- **AIM OF THE TASK**:
Take the records below and retype them line by line, from the first line through the one containing "## Project Status"; stop there.

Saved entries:
Content starts

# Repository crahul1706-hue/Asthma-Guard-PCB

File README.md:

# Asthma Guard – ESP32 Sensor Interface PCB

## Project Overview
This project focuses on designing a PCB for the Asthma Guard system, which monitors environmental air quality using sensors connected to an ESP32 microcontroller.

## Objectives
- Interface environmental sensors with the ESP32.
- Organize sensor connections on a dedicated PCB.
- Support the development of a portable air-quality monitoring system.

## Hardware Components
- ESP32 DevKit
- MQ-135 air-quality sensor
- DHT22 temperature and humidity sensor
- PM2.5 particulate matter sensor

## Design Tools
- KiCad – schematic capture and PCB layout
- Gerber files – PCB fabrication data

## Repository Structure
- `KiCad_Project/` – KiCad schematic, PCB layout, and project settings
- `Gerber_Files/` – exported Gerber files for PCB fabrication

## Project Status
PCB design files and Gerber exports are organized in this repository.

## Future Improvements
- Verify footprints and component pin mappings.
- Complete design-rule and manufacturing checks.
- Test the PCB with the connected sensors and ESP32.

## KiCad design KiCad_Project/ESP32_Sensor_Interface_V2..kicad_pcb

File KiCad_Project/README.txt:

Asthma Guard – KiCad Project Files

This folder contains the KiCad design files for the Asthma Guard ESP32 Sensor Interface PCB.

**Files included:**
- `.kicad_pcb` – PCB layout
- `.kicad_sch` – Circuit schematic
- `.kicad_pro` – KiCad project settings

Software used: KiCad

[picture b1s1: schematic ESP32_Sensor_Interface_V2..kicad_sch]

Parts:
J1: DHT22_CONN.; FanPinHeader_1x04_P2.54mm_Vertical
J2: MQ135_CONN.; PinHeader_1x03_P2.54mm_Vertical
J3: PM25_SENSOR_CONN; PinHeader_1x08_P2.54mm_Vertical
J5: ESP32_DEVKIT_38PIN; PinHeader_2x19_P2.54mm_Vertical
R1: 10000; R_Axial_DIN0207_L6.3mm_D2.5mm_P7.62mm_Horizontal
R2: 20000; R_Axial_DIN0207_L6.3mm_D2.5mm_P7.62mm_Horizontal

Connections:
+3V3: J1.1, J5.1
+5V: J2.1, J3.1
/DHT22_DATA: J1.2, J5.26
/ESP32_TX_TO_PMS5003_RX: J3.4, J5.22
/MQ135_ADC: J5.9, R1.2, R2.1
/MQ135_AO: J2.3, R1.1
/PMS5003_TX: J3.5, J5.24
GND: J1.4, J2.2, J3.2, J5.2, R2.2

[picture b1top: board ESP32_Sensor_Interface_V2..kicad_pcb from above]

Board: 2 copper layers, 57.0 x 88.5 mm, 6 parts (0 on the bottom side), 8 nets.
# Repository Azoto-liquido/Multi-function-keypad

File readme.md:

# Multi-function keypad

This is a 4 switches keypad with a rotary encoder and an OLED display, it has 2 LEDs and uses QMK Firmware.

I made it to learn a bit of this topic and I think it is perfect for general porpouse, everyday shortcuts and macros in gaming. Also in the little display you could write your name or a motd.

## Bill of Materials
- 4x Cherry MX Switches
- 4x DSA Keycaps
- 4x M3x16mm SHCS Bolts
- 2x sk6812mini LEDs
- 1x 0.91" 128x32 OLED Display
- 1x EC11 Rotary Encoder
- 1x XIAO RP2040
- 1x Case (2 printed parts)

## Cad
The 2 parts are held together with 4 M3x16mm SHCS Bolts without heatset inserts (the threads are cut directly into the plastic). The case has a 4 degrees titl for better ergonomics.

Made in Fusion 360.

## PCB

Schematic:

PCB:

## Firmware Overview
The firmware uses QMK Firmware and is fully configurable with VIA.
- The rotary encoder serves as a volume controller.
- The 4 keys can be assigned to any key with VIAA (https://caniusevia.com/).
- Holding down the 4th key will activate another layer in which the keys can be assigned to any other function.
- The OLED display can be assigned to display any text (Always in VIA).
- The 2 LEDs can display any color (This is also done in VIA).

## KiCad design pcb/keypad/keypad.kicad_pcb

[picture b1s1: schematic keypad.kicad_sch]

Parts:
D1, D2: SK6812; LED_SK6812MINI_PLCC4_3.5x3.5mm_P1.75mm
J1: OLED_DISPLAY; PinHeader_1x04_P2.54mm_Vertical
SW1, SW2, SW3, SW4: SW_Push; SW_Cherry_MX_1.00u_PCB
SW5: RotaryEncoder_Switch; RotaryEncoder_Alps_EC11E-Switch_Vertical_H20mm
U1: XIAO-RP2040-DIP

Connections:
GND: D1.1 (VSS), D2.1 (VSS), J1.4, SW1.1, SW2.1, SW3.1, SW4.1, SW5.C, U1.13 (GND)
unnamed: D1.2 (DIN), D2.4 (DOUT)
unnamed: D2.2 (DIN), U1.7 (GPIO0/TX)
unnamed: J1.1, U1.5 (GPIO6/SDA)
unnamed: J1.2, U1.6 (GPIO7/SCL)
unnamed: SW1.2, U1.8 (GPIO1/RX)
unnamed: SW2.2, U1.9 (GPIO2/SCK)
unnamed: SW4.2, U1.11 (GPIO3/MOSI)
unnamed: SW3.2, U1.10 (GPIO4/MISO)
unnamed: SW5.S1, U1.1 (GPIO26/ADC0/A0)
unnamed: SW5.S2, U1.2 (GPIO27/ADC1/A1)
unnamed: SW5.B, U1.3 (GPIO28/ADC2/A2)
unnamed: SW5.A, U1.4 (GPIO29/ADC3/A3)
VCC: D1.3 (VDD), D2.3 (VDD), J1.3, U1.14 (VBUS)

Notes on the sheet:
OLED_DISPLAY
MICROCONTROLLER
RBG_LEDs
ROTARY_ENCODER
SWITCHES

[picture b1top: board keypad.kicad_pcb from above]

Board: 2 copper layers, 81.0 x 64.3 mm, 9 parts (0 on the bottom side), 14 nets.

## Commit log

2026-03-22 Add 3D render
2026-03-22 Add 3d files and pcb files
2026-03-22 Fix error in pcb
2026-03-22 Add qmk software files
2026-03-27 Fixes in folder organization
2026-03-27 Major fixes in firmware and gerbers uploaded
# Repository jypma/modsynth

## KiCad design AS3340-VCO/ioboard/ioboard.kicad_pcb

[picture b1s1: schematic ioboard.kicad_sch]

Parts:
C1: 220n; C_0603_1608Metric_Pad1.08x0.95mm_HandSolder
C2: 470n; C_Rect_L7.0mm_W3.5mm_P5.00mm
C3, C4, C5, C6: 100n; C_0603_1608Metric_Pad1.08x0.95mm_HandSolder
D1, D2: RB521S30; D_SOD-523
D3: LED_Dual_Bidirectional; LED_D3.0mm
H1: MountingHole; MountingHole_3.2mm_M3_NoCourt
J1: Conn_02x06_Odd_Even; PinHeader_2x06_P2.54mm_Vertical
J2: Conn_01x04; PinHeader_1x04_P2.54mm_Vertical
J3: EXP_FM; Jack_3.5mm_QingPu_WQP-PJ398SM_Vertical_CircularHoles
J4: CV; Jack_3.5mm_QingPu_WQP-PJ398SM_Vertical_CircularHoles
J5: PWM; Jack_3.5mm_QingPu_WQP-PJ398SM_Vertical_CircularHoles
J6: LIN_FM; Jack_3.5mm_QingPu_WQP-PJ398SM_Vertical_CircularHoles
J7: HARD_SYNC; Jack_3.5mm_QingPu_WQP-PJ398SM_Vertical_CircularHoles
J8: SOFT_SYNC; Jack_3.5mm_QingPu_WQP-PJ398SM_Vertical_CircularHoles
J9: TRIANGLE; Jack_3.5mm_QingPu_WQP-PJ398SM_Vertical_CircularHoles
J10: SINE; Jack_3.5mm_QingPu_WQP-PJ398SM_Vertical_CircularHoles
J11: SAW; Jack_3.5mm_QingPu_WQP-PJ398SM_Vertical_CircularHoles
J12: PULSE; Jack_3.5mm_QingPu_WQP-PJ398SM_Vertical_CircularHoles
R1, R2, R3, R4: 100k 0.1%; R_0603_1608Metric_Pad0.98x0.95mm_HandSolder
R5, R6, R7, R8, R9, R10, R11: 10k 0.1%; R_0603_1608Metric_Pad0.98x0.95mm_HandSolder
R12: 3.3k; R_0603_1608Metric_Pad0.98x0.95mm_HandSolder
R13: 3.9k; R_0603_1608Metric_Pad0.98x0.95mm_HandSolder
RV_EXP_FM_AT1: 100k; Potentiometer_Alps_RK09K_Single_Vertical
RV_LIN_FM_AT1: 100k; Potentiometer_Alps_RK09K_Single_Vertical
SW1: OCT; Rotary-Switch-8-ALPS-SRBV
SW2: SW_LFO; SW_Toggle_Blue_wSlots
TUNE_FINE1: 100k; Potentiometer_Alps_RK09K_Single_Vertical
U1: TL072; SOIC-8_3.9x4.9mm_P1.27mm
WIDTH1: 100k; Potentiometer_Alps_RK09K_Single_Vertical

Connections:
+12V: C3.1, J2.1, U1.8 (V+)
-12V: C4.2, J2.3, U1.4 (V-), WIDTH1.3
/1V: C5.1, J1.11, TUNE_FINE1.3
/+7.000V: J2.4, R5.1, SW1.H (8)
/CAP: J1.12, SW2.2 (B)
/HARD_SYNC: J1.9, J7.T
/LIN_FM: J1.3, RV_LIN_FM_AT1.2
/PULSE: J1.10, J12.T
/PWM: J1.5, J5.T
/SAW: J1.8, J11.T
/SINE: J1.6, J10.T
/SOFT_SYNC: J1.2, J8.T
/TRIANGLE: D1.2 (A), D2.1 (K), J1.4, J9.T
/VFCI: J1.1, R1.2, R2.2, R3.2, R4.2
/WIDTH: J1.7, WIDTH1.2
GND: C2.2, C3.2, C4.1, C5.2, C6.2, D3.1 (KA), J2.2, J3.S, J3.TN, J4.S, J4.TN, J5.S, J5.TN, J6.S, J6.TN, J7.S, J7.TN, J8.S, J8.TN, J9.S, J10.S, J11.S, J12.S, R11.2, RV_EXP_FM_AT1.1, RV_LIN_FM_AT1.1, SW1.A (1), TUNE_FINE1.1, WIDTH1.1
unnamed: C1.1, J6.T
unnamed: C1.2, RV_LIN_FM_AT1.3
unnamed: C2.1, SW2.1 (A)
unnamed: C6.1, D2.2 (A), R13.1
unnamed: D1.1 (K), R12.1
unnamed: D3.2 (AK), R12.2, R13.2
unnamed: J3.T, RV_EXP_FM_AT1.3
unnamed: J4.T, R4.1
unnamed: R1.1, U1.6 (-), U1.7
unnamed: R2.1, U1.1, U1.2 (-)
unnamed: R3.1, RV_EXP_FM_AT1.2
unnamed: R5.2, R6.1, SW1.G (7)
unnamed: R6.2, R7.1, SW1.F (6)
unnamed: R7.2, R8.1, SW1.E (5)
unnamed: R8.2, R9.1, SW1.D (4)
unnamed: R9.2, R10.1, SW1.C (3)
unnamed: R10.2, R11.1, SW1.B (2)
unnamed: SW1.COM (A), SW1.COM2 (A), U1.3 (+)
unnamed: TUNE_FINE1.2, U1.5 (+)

Content ends

- **RESULT FOR THIS EXERCISE**:
# Repository crahul1706-hue/Asthma-Guard-PCB

File README.md:

# Asthma Guard – ESP32 Sensor Interface PCB

## Project Overview
This project focuses on designing a PCB for the Asthma Guard system, which monitors environmental air quality using sensors connected to an ESP32 microcontroller.

## Objectives
- Interface environmental sensors with the ESP32.
- Organize sensor connections on a dedicated PCB.
- Support the development of a portable air-quality monitoring system.

## Hardware Components
- ESP32 DevKit
- MQ-135 air-quality sensor
- DHT22 temperature and humidity sensor
- PM2.5 particulate matter sensor

## Design Tools
- KiCad – schematic capture and PCB layout
- Gerber files – PCB fabrication data

## Repository Structure
- `KiCad_Project/` – KiCad schematic, PCB layout, and project settings
- `Gerber_Files/` – exported Gerber files for PCB fabrication

## Project Status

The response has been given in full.